Levin: Corn prices are about to skyrocket

A truck driver called in to Levin’s show on Friday night to say that the price of corn that usually sells at $3.20/bushel has now more than doubled to $7.85/bushel because of the lack of corn being planted this year due to the cold weather and the rain. Considering that corn is used so profusely along with the continued push for ethanol, this could have a huge effect on food prices this fall.

Levin backs up what she says noting an article in Pajamas Media which says basically the same thing, except they reckon we will have to import more corn:

It would seem corn is back on the radar after having fallen off after the 2008 election, when ethanol was no longer a convenient club with which to beat the Bush administration.

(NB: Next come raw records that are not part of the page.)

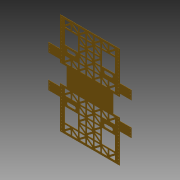
# Autodesk Inventor part: Top Plate
Saved by Autodesk Inventor 2014 SP1 (Build 180222100, 222)
## iProperties
Created: 2014-01-19
Part Number: Top Plate
Material: Aluminum 6061
Document SubType Name: Sheet Metal
Designer: Nick
Density: 2.71 g/cm^3
Appearance: Brass - Satin
Mass: 1865.48 g
Surface Area: 6483.38 cm^2
Volume: 688.368 cm^3
Sheet Metal Rule: Default
Author: Nick
Autodesk Inventor part; units mm, degrees
(part 1 of 3)
ref_plane "YZ Plane" through (0, 0, 0) normal (1, 0, 0) x (0, 1, 0)
ref_plane "XZ Plane" through (0, 0, 0) normal (0, 1, 0) x (-1, 0, 0)
ref_plane "XY Plane" through (0, 0, 0) normal (0, 0, 1) x (1, 0, 0)
sketch "Sketch1" plane through (0, 0, 0) normal (0, 0, 1) x (1, 0, 0)
  line L0 (-228.6, 152.4) -> (-228.6, 406.4)
  line L1 (-228.6, 406.4) -> (279.4, 406.4)
  line L2 (279.4, 406.4) -> (279.4, 152.4)
  line L3 (279.4, 152.4) -> (381, 152.4)
  line L4 (381, 152.4) -> (381, 76.2)
  line L5 (381, 76.2) -> (279.4, 76.2)
  line L6 (279.4, 76.2) -> (279.4, -127)
  line L7 (279.4, -127) -> (381, -127)
  line L8 (381, -127) -> (381, -203.2)
  line L9 (381, -203.2) -> (279.4, -203.2)
  line L10 (279.4, -203.2) -> (279.4, -457.2)
  line L11 (279.4, -457.2) -> (-228.6, -457.2)
  line L12 (-228.6, -457.2) -> (-228.6, -203.2)
  line L13 (-228.6, -203.2) -> (-330.2, -203.2)
  line L14 (-330.2, -203.2) -> (-330.2, -127)
  line L15 (-330.2, -127) -> (-228.6, -127)
  line L16 (-228.6, -127) -> (-228.6, 76.2)
  line L17 (-228.6, 76.2) -> (-330.2, 76.2)
  line L18 (-330.2, 76.2) -> (-330.2, 152.4)
  line L19 (-330.2, 152.4) -> (-228.6, 152.4)
  point P0 (0, 0)
  point P1 (279.4, 279.4)
  point P2 (279.4, -25.4)
  point P3 (279.4, -330.2)
  point P4 (381, -165.1)
  point P5 (381, 114.3)
  point P6 (-228.6, 279.4)
  point P7 (-228.6, -25.4)
  point P8 (-228.6, -330.2)
  point P9 (-330.2, -165.1)
  point P10 (-330.2, 114.3)
  point P11 (330.2, 76.2)
  point P12 (-279.4, 76.2)
  point P13 (-279.4, 152.4)
  point P14 (330.2, 152.4)
  point P15 (330.2, -127)
  point P16 (-279.4, -127)
  point P17 (-279.4, -203.2)
  point P18 (330.2, -203.2)
  dimension "d0" = 101.6
  dimension "d1" = 508
  dimension "d2" = 254
  dimension "d3" = 76.2
  dimension "d4" = 203.2
  dimension "d96" = 457.2
  dimension "d97" = 279.4
  constraints: 40 end point, 18 midpoint, 9 perpendicular, 6 horizontal, 6 vertical alignment, 5 collinear, 4 horizontal alignment, 2 parallel, 1 vertical
  measures "d0" distance from line of point (381, 114.3) L2
  measures "d1" distance of L0.end L1.end
  measures "d2" distance of L1.end L2.end
  measures "d3" distance of L3.end L4.end
  measures "d4" distance of L5.end L6.end
  measures "d96" distance from line of point (0, 0) L11
  measures "d97" distance from line of L6 point (0, 0)
extrude "Extrusion1" add sketch "Sketch1" along normal blind 2.286
sketch "Sketch2" plane through (0, 0, 2.286) normal (0, 0, 1) x (1, 0, 0)
  line L0 (-228.6, 406.4) -> (279.4, 406.4) projected
  line L1 (-228.6, 152.4) -> (-228.6, 406.4) projected
  line L2 (-330.2, 76.2) -> (-330.2, 152.4) projected
  line L3 (381, 152.4) -> (381, 76.2) projected
  line L4 (279.4, 406.4) -> (279.4, 152.4) projected
  point P0 (0, 0)
  point P1 (-215.9, 393.7)
  point P2 (266.7, 393.7)
  point P3 (-215.9, 368.3)
  point P4 (266.7, 368.3)
  point P5 (-215.9, 342.9)
  point P6 (266.7, 342.9)
  point P7 (-215.9, 317.5)
  point P8 (266.7, 317.5)
  point P9 (-215.9, 292.1)
  point P10 (266.7, 292.1)
  point P11 (-215.9, 266.7)
  point P12 (266.7, 266.7)
  point P13 (-215.9, 241.3)
  point P14 (266.7, 241.3)
  point P15 (-215.9, 215.9)
  point P16 (266.7, 215.9)
  point P17 (-215.9, 190.5)
  point P18 (266.7, 190.5)
  point P19 (-215.9, 165.1)
  point P20 (266.7, 165.1)
  point P21 (-215.9, 139.7)
  point P22 (266.7, 139.7)
  point P23 (-215.9, 114.3)
  point P24 (266.7, 114.3)
  point P25 (-215.9, 88.9)
  point P26 (266.7, 88.9)
  point P27 (-215.9, 63.5)
  point P28 (266.7, 63.5)
  point P29 (-215.9, 38.1)
  point P30 (266.7, 38.1)
  point P31 (-215.9, 12.7)
  point P32 (266.7, 12.7)
  point P33 (-215.9, -12.7)
  point P34 (266.7, -12.7)
  point P35 (-215.9, -38.1)
  point P36 (266.7, -38.1)
  point P37 (-215.9, -63.5)
  point P38 (266.7, -63.5)
  point P39 (-215.9, -88.9)
  point P40 (266.7, -88.9)
  point P41 (-215.9, -114.3)
  point P42 (266.7, -114.3)
  point P43 (-215.9, -139.7)
  point P44 (266.7, -139.7)
  point P45 (-215.9, -165.1)
  point P46 (266.7, -165.1)
  point P47 (-215.9, -190.5)
  point P48 (266.7, -190.5)
  point P49 (-215.9, -215.9)
  point P50 (266.7, -215.9)
  point P51 (-215.9, -241.3)
  point P52 (266.7, -241.3)
  point P53 (-215.9, -266.7)
  point P54 (266.7, -266.7)
  point P55 (-215.9, -292.1)
  point P56 (266.7, -292.1)
  point P57 (-215.9, -317.5)
  point P58 (266.7, -317.5)
  point P59 (-215.9, -342.9)
  point P60 (266.7, -342.9)
  point P61 (-215.9, -368.3)
  point P62 (266.7, -368.3)
  point P63 (-215.9, -393.7)
  point P64 (266.7, -393.7)
  point P65 (-215.9, -419.1)
  point P66 (266.7, -419.1)
  point P67 (-215.9, -444.5)
  point P68 (266.7, -444.5)
  point P69 (-317.5, 139.7)
  point P70 (-317.5, 114.3)
  point P71 (-317.5, 88.9)
  point P72 (-317.5, -139.7)
  point P73 (-317.5, -165.1)
  point P74 (-317.5, -190.5)
  point P75 (368.3, -139.7)
  point P76 (368.3, -165.1)
  point P77 (368.3, -190.5)
  point P78 (368.3, 139.7)
  point P79 (368.3, 114.3)
  point P80 (368.3, 88.9)
  dimension "d7" = 12.7
  dimension "d8" = 12.7
  dimension "d9" = 12.7
  dimension "d10" = 12.7
  dimension "d13" = 25.4
  dimension "d18" = 12.7
  dimension "d19" = 12.7
  constraints: 12 horizontal alignment, 10 vertical alignment, 1 vertical, 66 other
  measures "d7" distance from line of point (-215.9, 393.7) L1
  measures "d8" distance from line of L0 point (-215.9, 393.7)
  measures "d9" distance from line of L0 point (266.7, 393.7)
  measures "d10" distance from line of L4 point (266.7, 393.7)
  measures "d13" distance of point (-215.9, 393.7) point (-215.9, 368.3)
  measures "d18" distance from line of L3 point (368.3, 114.3)
  measures "d19" distance from line of L2 point (-317.5, 139.7)
hole "Hole1" at (-215.9, 393.7, 2.286) at (266.7, 393.7, 2.286) at (-215.9, 368.3, 2.286) at (266.7, 368.3, 2.286) at (-215.9, 342.9, 2.286) at (266.7, 342.9, 2.286) at (-215.9, 317.5, 2.286) at (266.7, 317.5, 2.286) at (-215.9, 292.1, 2.286) at (266.7, 292.1, 2.286) at (-215.9, 266.7, 2.286) at (266.7, 266.7, 2.286) at (-215.9, 241.3, 2.286) at (266.7, 241.3, 2.286) at (-215.9, 215.9, 2.286) at (266.7, 215.9, 2.286) at (-215.9, 190.5, 2.286) at (266.7, 190.5, 2.286) at (-215.9, 165.1, 2.286) at (266.7, 165.1, 2.286) at (-215.9, 139.7, 2.286) at (266.7, 139.7, 2.286) at (-215.9, 114.3, 2.286) at (266.7, 114.3, 2.286) at (-215.9, 88.9, 2.286) at (266.7, 88.9, 2.286) at (-215.9, 63.5, 2.286) at (266.7, 63.5, 2.286) at (-215.9, 38.1, 2.286) at (266.7, 38.1, 2.286) at (-215.9, 12.7, 2.286) at (266.7, 12.7, 2.286) at (-215.9, -12.7, 2.286) at (266.7, -12.7, 2.286) at (-215.9, -38.1, 2.286) at (266.7, -38.1, 2.286) at (-215.9, -63.5, 2.286) at (266.7, -63.5, 2.286) at (-215.9, -88.9, 2.286) at (266.7, -88.9, 2.286) at (-215.9, -114.3, 2.286) at (266.7, -114.3, 2.286) at (-215.9, -139.7, 2.286) at (266.7, -139.7, 2.286) at (-215.9, -165.1, 2.286) at (266.7, -165.1, 2.286) at (-215.9, -190.5, 2.286) at (266.7, -190.5, 2.286) at (-215.9, -215.9, 2.286) at (266.7, -215.9, 2.286) direction (0, 0, -1) diameter 6.7564 end through all and at (-215.9, -241.3, 2.286) (266.7, -241.3, 2.286) (-215.9, -266.7, 2.286) (266.7, -266.7, 2.286) (-215.9, -292.1, 2.286) (266.7, -292.1, 2.286) (-215.9, -317.5, 2.286) (266.7, -317.5, 2.286) (-215.9, -342.9, 2.286) (266.7, -342.9, 2.286) (-215.9, -368.3, 2.286) (266.7, -368.3, 2.286) (-215.9, -393.7, 2.286) (266.7, -393.7, 2.286) (-215.9, -419.1, 2.286) (266.7, -419.1, 2.286) (-215.9, -444.5, 2.286) (266.7, -444.5, 2.286) (-317.5, 139.7, 2.286) (-317.5, 114.3, 2.286) (-317.5, 88.9, 2.286) (-317.5, -139.7, 2.286) (-317.5, -165.1, 2.286) (-317.5, -190.5, 2.286) (368.3, -139.7, 2.286) (368.3, -165.1, 2.286) (368.3, -190.5, 2.286) (368.3, 139.7, 2.286) (368.3, 114.3, 2.286) (368.3, 88.9, 2.286)
sketch "Sketch4" plane through (0, 0, 2.286) normal (0, 0, 1) x (1, 0, 0)
  circle A0 centre (266.7, -88.9) radius 3.3782 projected
  circle A1 centre (-215.9, -88.9) radius 3.3782 projected
  circle A2 centre (266.7, -63.5) radius 3.3782 projected
  circle A3 centre (-215.9, -63.5) radius 3.3782 projected
  circle A4 centre (266.7, -38.1) radius 3.3782 projected
  circle A5 centre (-215.9, -38.1) radius 3.3782 projected
  circle A6 centre (266.7, -12.7) radius 3.3782 projected
  circle A7 centre (-215.9, -12.7) radius 3.3782 projected
  circle A8 centre (266.7, 12.7) radius 3.3782 projected
  circle A9 centre (-215.9, 12.7) radius 3.3782 projected
  circle A10 centre (266.7, 38.1) radius 3.3782 projected
  circle A11 centre (-215.9, 38.1) radius 3.3782 projected
  line L0 (-228.6, 76.2) -> (-330.2, 76.2) projected
  line L1 (-228.6, -127) -> (-228.6, 76.2) projected
  line L2 (279.4, 76.2) -> (279.4, -127) projected
  line L3 (381, 76.2) -> (279.4, 76.2) projected
  line L4 (-228.6, -101.6) -> (-171.45, -101.6)
  line L5 (-171.45, -101.6) -> (-171.45, 50.8)
  line L6 (-171.45, 50.8) -> (-228.6, 50.8)
  line L7 (-228.6, 50.8) -> (-228.6, -101.6)
  line L8 (279.4, -101.6) -> (222.25, -101.6)
  line L9 (222.25, -101.6) -> (222.25, 50.8)
  line L10 (222.25, 50.8) -> (279.4, 50.8)
  line L11 (279.4, 50.8) -> (279.4, -101.6)
  point P0 (0, 0)
  dimension "d27" = 152.4
  dimension "d28" = 57.15
  dimension "d29" = 57.15
  dimension "d30" = 152.4
  dimension "d31" = 25.4
  dimension "d32" = 25.4
  constraints: 16 end point, 4 parallel, 2 horizontal, 2 perpendicular, 2 point on line
  measures "d27" distance of L8.end L9.end
  measures "d28" distance of L9.end L10.end
  measures "d29" distance of L5.end L6.end
  measures "d30" distance of L4.end L5.end
  measures "d31" distance between parallel lines of L0 L6
  measures "d32" distance between parallel lines of L3 L10
extrude "Extrusion2" cut sketch "Sketch4" against normal through all
sketch "Sketch6" plane through (0, 0, 2.286) normal (0, 0, 1) x (1, 0, 0)
  line L0 (-171.45, -101.6) -> (-228.6, -101.6) projected
  line L1 (-228.6, -127) -> (-228.6, -101.6) projected
  line L2 (-330.2, -127) -> (-228.6, -127) projected
  line L3 (-330.2, -203.2) -> (-330.2, -127) projected
  line L4 (-228.6, -203.2) -> (-330.2, -203.2) projected
  line L5 (-228.6, -457.2) -> (-228.6, -203.2) projected
  line L6 (279.4, -457.2) -> (-228.6, -457.2) projected
  line L7 (279.4, -203.2) -> (279.4, -457.2) projected
  line L8 (381, -203.2) -> (279.4, -203.2) projected
  line L9 (381, -127) -> (381, -203.2) projected
  line L10 (279.4, -127) -> (381, -127) projected
  line L11 (279.4, -101.6) -> (279.4, -127) projected
  line L12 (279.4, -101.6) -> (222.25, -101.6) projected
  line L13 (222.25, -101.6) -> (222.25, 50.8) projected
  line L14 (279.4, 76.2) -> (279.4, 50.8) projected
  line L15 (381, 76.2) -> (279.4, 76.2) projected
  line L16 (381, 152.4) -> (381, 76.2) projected
  line L17 (279.4, 152.4) -> (381, 152.4) projected
  line L18 (279.4, 406.4) -> (279.4, 152.4) projected
  line L19 (-228.6, 406.4) -> (279.4, 406.4) projected
  line L20 (-228.6, 152.4) -> (-228.6, 406.4) projected
  line L21 (-330.2, 152.4) -> (-228.6, 152.4) projected
  line L22 (-330.2, 76.2) -> (-330.2, 152.4) projected
  line L23 (-228.6, 76.2) -> (-330.2, 76.2) projected
  line L24 (-228.6, 50.8) -> (-228.6, 76.2) projected
  line L25 (-171.45, 50.8) -> (-171.45, -101.6) projected
  circle A0 centre (368.3, 88.9) radius 3.3782 projected
  circle A1 centre (368.3, 114.3) radius 3.3782 projected
  circle A2 centre (368.3, 139.7) radius 3.3782 projected
  circle A3 centre (368.3, -190.5) radius 3.3782 projected
  circle A4 centre (368.3, -165.1) radius 3.3782 projected
  circle A5 centre (368.3, -139.7) radius 3.3782 projected
  circle A6 centre (-317.5, -190.5) radius 3.3782 projected
  circle A7 centre (-317.5, -165.1) radius 3.3782 projected
  circle A8 centre (-317.5, -139.7) radius 3.3782 projected
  circle A9 centre (-317.5, 88.9) radius 3.3782 projected
  circle A10 centre (-317.5, 114.3) radius 3.3782 projected
  circle A11 centre (-317.5, 139.7) radius 3.3782 projected
  circle A12 centre (266.7, -444.5) radius 3.3782 projected
  circle A13 centre (-215.9, -444.5) radius 3.3782 projected
  circle A14 centre (266.7, -419.1) radius 3.3782 projected
  circle A15 centre (-215.9, -419.1) radius 3.3782 projected
  circle A16 centre (266.7, -393.7) radius 3.3782 projected
  circle A17 centre (-215.9, -393.7) radius 3.3782 projected
  circle A18 centre (266.7, -368.3) radius 3.3782 projected
  circle A19 centre (-215.9, -368.3) radius 3.3782 projected
  circle A20 centre (266.7, -342.9) radius 3.3782 projected
  circle A21 centre (-215.9, -342.9) radius 3.3782 projected
  circle A22 centre (266.7, -317.5) radius 3.3782 projected
  circle A23 centre (-215.9, -317.5) radius 3.3782 projected
  circle A24 centre (266.7, -292.1) radius 3.3782 projected
  circle A25 centre (-215.9, -292.1) radius 3.3782 projected
  circle A26 centre (266.7, -266.7) radius 3.3782 projected
  circle A27 centre (-215.9, -266.7) radius 3.3782 projected
  circle A28 centre (266.7, -241.3) radius 3.3782 projected
  circle A29 centre (-215.9, -241.3) radius 3.3782 projected
  circle A30 centre (266.7, -215.9) radius 3.3782 projected
  circle A31 centre (-215.9, -215.9) radius 3.3782 projected
  circle A32 centre (266.7, -190.5) radius 3.3782 projected
  circle A33 centre (-215.9, -190.5) radius 3.3782 projected
  circle A34 centre (266.7, -165.1) radius 3.3782 projected
  circle A35 centre (-215.9, -165.1) radius 3.3782 projected
  circle A36 centre (266.7, -139.7) radius 3.3782 projected
  circle A37 centre (-215.9, -139.7) radius 3.3782 projected
  circle A38 centre (266.7, -114.3) radius 3.3782 projected
  circle A39 centre (-215.9, -114.3) radius 3.3782 projected
  line L26 (-190.5, 385.7625) -> (-190.5, 357.1875)
  line L27 (-185.42, 354.6475) -> (-147.32, 383.2225)
  line L28 (-149.225, 388.9375) -> (-187.325, 388.9375)
  line L29 (-182.88, 340.6775) -> (-144.78, 369.2525)
  line L30 (-139.7, 366.7125) -> (-139.7, 338.1375)
  line L31 (-142.875, 334.9625) -> (-180.975, 334.9625)
  arc A40 (-190.5, 357.1875) -> (-185.42, 354.6475) centre (-187.325, 357.1875) ccw
  arc A41 (-187.325, 388.9375) -> (-190.5, 385.7625) centre (-187.325, 385.7625) ccw
  arc A42 (-147.32, 383.2225) -> (-149.225, 388.9375) centre (-149.225, 385.7625) ccw
  arc A43 (-139.7, 366.7125) -> (-144.78, 369.2525) centre (-142.875, 366.7125) ccw
  arc A44 (-142.875, 334.9625) -> (-139.7, 338.1375) centre (-142.875, 338.1375) ccw
  arc A45 (-182.88, 340.6775) -> (-180.975, 334.9625) centre (-180.975, 338.1375) ccw
  line L32 (-133.35, 390.3218) -> (-133.35, 314.1218) construction
  line L33 (-76.2, 385.7625) -> (-76.2, 357.1875)
  line L34 (-81.28, 354.6475) -> (-119.38, 383.2225)
  line L35 (-117.475, 388.9375) -> (-79.375, 388.9375)
  line L36 (-83.82, 340.6775) -> (-121.92, 369.2525)
  line L37 (-127, 366.7125) -> (-127, 338.1375)
  line L38 (-123.825, 334.9625) -> (-85.725, 334.9625)
  arc A46 (-81.28, 354.6475) -> (-76.2, 357.1875) centre (-79.375, 357.1875) ccw
  arc A47 (-76.2, 385.7625) -> (-79.375, 388.9375) centre (-79.375, 385.7625) ccw
  arc A48 (-117.475, 388.9375) -> (-119.38, 383.2225) centre (-117.475, 385.7625) ccw
  arc A49 (-121.92, 369.2525) -> (-127, 366.7125) centre (-123.825, 366.7125) ccw
  arc A50 (-127, 338.1375) -> (-123.825, 334.9625) centre (-123.825, 338.1375) ccw
  arc A51 (-85.725, 334.9625) -> (-83.82, 340.6775) centre (-85.725, 338.1375) ccw
  line L39 (-192.1848, 328.6125) -> (-47.7209, 328.6125) construction
  line L40 (-190.5, 271.4625) -> (-190.5, 300.0375)
  line L41 (-185.42, 302.5775) -> (-147.32, 274.0025)
  line L42 (-149.225, 268.2875) -> (-187.325, 268.2875)
  line L43 (-182.88, 316.5475) -> (-144.78, 287.9725)
  line L44 (-139.7, 290.5125) -> (-139.7, 319.0875)
  line L45 (-142.875, 322.2625) -> (-180.975, 322.2625)
  arc A52 (-185.42, 302.5775) -> (-190.5, 300.0375) centre (-187.325, 300.0375) ccw
  arc A53 (-190.5, 271.4625) -> (-187.325, 268.2875) centre (-187.325, 271.4625) ccw
  arc A54 (-149.225, 268.2875) -> (-147.32, 274.0025) centre (-149.225, 271.4625) ccw
  arc A55 (-144.78, 287.9725) -> (-139.7, 290.5125) centre (-142.875, 290.5125) ccw
  arc A56 (-139.7, 319.0875) -> (-142.875, 322.2625) centre (-142.875, 319.0875) ccw
  arc A57 (-180.975, 322.2625) -> (-182.88, 316.5475) centre (-180.975, 319.0875) ccw
  line L46 (-127, 290.5125) -> (-127, 319.0875)
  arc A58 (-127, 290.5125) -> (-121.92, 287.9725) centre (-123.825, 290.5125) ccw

Before that particular fight was over, however, former President George W. Bush had signed legislation which required 40 percent of the U.S. corn harvest to be slated for ethanol production, and for massive subsidies to make corn economically viable. …

This year could be a bad year; much of the corn in the eastern cornbelt is late getting into the ground, and from west Texas into Nebraska we’ve got the worst drought in 40 years. Parts of western Kansas have gotten no more than a quarter-inch of rain since the beginning of the year. This means the corn stocks could slip still lower.

Why is this a problem? Much like the price of oil, the price of grain worldwide is based on the dollar. In the case of oil, it’s because we’re the world currency and the largest user of oil. In the case of corn and indeed all grains, it’s because we’re the world’s largest producer and exporter. …

Now imagine we have to start importing grain. Suddenly Brazil or Argentina is setting the price, not us. Once you become a net importer of grain, you cease to be a world player in agriculture.

The issue with the mandate is that it is inflexible. Instead of allowing the market to decide how much corn should be sold to ethanol plants and how much should be sold overseas or used domestically, we’re mandating a certain percentage must go to fuel.

A fuel, it must be noted, which is inefficient when compared to gasoline, is hard on engines, and requires massive subsidies to be competitive with conventional fuels.

What remains to be seen is what happens next year, with the subsidies expiring, corn stocks likely lower yet, but a huge, inflexible mandate still requiring 40 percent of the crop go to fuel.

This is likely to be hard on food prices at a time when they are already going up. In an attempt to appease environmentalists — for whom nothing is ever enough — we risk mandating ourselves right out of dominance in one more area of the world economy.